↓
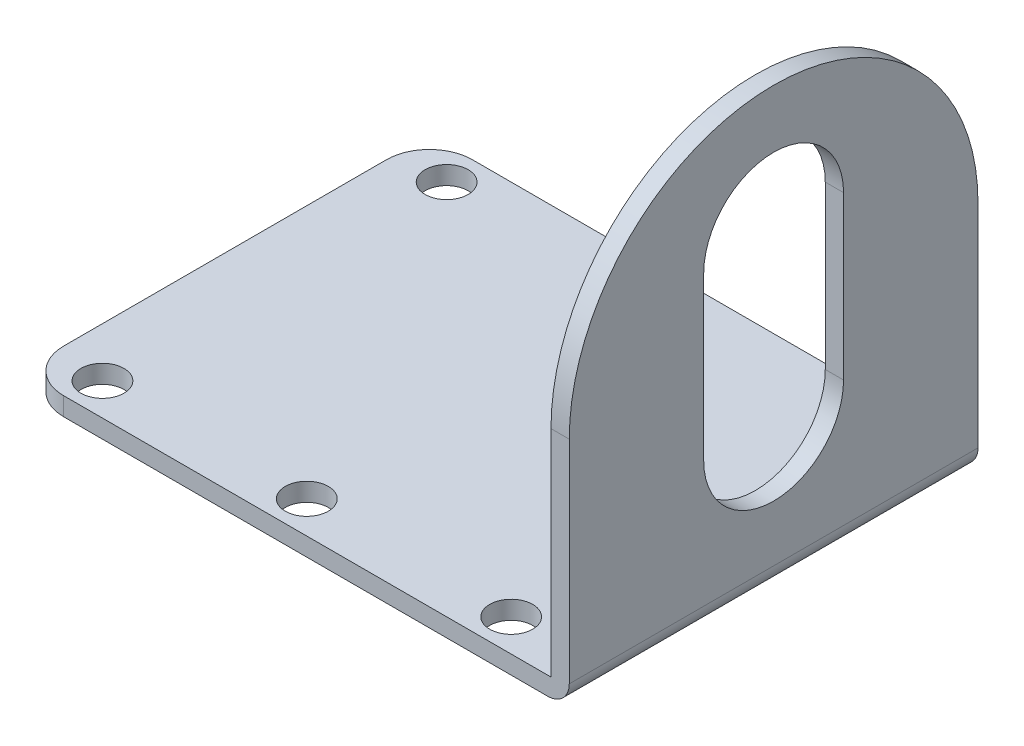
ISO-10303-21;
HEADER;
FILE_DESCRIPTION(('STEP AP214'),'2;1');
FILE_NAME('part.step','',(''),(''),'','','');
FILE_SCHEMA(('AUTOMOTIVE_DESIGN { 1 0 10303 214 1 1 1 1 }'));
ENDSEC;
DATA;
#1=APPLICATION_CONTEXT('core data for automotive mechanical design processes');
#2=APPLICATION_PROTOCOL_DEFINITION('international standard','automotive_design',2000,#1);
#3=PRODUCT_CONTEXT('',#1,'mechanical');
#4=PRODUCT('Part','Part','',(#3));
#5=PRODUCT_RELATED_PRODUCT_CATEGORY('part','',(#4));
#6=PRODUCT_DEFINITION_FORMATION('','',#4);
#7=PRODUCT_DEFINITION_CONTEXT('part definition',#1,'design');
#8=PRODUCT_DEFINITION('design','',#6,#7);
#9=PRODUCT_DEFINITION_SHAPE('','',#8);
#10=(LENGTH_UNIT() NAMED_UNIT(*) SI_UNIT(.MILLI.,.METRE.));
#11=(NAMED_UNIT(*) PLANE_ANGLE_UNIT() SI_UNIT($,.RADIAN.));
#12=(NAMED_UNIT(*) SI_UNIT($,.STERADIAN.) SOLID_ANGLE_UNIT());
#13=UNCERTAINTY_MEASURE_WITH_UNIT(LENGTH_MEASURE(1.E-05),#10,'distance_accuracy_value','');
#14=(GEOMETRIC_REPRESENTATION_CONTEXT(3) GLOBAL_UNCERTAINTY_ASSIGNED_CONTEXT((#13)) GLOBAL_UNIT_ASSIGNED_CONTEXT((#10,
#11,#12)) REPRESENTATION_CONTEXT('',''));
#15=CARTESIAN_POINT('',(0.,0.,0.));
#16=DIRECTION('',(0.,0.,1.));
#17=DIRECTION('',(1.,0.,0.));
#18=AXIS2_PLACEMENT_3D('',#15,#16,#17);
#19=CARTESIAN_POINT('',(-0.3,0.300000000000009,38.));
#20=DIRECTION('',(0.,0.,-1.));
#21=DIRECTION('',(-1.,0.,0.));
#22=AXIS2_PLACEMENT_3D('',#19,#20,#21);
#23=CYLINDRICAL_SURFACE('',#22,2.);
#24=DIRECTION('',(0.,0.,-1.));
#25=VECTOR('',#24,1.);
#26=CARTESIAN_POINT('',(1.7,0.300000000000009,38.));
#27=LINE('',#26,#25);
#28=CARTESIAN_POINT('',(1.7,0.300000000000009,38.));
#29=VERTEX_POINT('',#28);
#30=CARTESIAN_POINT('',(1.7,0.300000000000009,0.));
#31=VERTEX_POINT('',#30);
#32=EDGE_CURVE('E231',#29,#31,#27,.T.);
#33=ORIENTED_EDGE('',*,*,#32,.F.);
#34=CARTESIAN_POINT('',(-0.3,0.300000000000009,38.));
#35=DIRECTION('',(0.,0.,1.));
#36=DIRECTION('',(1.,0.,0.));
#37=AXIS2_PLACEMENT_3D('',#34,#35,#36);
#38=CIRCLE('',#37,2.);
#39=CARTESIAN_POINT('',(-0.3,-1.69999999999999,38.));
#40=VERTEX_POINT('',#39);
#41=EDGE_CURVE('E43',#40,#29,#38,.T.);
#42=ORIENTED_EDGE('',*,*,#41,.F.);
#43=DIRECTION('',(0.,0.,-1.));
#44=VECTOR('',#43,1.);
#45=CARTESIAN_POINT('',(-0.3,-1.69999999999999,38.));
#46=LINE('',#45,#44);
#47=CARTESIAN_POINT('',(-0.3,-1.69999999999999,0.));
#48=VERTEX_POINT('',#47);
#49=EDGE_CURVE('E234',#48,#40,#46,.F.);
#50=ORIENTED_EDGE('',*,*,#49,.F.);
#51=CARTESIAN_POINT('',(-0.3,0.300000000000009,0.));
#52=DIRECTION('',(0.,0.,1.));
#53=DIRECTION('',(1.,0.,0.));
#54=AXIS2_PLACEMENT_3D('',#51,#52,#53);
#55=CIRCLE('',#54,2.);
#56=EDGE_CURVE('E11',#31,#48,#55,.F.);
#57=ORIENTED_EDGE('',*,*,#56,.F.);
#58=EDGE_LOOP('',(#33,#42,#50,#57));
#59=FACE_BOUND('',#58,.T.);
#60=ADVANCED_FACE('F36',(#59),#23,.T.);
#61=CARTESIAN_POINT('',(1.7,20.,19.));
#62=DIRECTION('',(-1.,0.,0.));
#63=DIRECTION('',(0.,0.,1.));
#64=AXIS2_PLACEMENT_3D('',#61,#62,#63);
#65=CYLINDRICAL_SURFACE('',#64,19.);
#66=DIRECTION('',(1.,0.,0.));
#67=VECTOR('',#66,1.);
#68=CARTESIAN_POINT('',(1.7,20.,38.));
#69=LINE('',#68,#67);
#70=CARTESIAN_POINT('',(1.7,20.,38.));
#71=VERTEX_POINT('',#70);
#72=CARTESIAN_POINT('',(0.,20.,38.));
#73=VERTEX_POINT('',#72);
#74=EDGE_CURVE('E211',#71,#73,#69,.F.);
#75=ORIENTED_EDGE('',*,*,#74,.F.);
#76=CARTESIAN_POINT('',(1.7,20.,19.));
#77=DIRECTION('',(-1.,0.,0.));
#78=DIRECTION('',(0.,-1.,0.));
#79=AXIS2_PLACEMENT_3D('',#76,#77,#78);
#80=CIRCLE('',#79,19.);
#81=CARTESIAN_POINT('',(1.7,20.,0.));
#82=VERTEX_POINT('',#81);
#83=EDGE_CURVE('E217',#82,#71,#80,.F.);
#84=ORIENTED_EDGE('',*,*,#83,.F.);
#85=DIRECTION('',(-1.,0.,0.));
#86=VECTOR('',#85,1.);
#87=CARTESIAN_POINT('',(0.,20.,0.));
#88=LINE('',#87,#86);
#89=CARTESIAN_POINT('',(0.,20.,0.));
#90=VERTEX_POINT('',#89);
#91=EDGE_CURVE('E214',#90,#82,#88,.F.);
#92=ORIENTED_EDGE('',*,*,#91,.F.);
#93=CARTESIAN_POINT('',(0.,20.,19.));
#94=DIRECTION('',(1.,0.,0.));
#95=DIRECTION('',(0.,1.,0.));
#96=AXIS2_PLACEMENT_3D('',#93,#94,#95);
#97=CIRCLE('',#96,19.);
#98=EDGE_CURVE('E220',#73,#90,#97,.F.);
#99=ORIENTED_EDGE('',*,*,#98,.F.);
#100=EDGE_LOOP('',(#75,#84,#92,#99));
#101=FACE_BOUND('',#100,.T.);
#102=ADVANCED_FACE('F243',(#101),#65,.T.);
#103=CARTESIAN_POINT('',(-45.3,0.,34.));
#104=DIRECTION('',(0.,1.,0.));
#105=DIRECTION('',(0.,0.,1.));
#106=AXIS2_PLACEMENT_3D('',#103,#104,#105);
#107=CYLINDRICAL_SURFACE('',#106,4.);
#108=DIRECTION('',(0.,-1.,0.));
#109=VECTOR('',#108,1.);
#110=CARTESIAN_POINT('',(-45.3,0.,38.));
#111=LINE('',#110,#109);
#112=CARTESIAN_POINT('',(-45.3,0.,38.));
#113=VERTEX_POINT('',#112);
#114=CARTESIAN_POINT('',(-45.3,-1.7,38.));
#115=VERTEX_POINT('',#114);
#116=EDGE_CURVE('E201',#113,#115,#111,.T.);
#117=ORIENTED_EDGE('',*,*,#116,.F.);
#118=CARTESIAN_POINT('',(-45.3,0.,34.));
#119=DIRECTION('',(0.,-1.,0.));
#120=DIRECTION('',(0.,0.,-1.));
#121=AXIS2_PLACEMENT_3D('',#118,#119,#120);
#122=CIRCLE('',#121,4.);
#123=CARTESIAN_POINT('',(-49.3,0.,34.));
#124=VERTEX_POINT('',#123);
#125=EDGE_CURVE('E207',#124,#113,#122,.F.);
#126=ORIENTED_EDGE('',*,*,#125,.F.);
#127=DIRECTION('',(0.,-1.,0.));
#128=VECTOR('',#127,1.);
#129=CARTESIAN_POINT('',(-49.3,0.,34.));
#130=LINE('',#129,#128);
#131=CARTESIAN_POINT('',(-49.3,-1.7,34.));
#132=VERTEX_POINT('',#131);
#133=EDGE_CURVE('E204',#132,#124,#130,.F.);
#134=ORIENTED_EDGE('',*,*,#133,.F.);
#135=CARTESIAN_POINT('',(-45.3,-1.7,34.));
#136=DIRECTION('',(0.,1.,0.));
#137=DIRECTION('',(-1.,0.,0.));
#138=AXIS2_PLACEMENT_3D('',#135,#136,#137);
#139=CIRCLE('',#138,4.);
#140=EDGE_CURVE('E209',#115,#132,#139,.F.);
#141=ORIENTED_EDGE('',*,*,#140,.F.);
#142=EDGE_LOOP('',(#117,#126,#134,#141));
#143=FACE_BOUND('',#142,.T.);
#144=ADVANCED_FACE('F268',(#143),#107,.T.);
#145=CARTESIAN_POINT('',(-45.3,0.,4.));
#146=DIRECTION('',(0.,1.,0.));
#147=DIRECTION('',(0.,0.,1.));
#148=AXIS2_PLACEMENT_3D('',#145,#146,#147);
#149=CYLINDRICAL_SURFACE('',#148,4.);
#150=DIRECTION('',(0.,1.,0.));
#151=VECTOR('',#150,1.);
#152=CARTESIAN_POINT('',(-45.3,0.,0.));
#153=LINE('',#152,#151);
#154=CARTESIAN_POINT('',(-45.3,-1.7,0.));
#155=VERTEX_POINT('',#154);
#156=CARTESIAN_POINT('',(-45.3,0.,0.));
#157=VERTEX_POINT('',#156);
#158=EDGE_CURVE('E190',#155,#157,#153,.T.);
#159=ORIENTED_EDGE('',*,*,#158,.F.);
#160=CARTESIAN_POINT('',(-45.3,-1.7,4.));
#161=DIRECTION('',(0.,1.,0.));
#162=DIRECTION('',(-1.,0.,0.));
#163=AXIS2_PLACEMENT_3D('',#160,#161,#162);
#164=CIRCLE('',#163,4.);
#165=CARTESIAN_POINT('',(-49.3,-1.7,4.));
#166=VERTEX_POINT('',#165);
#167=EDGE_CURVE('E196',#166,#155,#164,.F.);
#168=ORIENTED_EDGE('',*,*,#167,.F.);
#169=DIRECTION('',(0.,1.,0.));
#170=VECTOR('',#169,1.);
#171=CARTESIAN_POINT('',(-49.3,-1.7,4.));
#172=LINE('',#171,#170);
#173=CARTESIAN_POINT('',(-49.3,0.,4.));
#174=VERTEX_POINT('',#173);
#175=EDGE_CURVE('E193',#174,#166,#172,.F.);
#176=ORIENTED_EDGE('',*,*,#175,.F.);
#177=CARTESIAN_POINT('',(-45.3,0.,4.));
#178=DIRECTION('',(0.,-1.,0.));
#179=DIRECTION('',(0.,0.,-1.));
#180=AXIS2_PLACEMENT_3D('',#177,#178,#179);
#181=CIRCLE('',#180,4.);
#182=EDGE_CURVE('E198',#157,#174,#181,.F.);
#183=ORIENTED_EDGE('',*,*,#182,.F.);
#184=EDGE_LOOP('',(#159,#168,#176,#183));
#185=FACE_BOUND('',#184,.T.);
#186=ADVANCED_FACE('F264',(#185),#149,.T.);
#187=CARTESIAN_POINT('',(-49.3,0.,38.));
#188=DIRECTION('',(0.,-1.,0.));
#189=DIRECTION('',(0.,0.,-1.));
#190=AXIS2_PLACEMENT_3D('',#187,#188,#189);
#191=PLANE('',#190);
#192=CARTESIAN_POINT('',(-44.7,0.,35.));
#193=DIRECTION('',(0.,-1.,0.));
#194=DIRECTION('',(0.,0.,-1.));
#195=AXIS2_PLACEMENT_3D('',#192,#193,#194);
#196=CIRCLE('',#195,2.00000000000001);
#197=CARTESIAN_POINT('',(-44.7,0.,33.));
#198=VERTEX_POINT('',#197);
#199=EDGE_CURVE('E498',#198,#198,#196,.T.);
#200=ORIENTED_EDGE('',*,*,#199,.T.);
↑
TASK GOAL -
Could you restate word for word the lines above, from the one that contains "#124=VERTEX_POINT('',#123);" through the one that contains "#137=DIRECTION('',(-1.,0.,0.));", and no others?

SOLUTION TO THIS PROBLEM -
#124=VERTEX_POINT('',#123);
#125=EDGE_CURVE('E207',#124,#113,#122,.F.);
#126=ORIENTED_EDGE('',*,*,#125,.F.);
#127=DIRECTION('',(0.,-1.,0.));
#128=VECTOR('',#127,1.);
#129=CARTESIAN_POINT('',(-49.3,0.,34.));
#130=LINE('',#129,#128);
#131=CARTESIAN_POINT('',(-49.3,-1.7,34.));
#132=VERTEX_POINT('',#131);
#133=EDGE_CURVE('E204',#132,#124,#130,.F.);
#134=ORIENTED_EDGE('',*,*,#133,.F.);
#135=CARTESIAN_POINT('',(-45.3,-1.7,34.));
#136=DIRECTION('',(0.,1.,0.));
#137=DIRECTION('',(-1.,0.,0.));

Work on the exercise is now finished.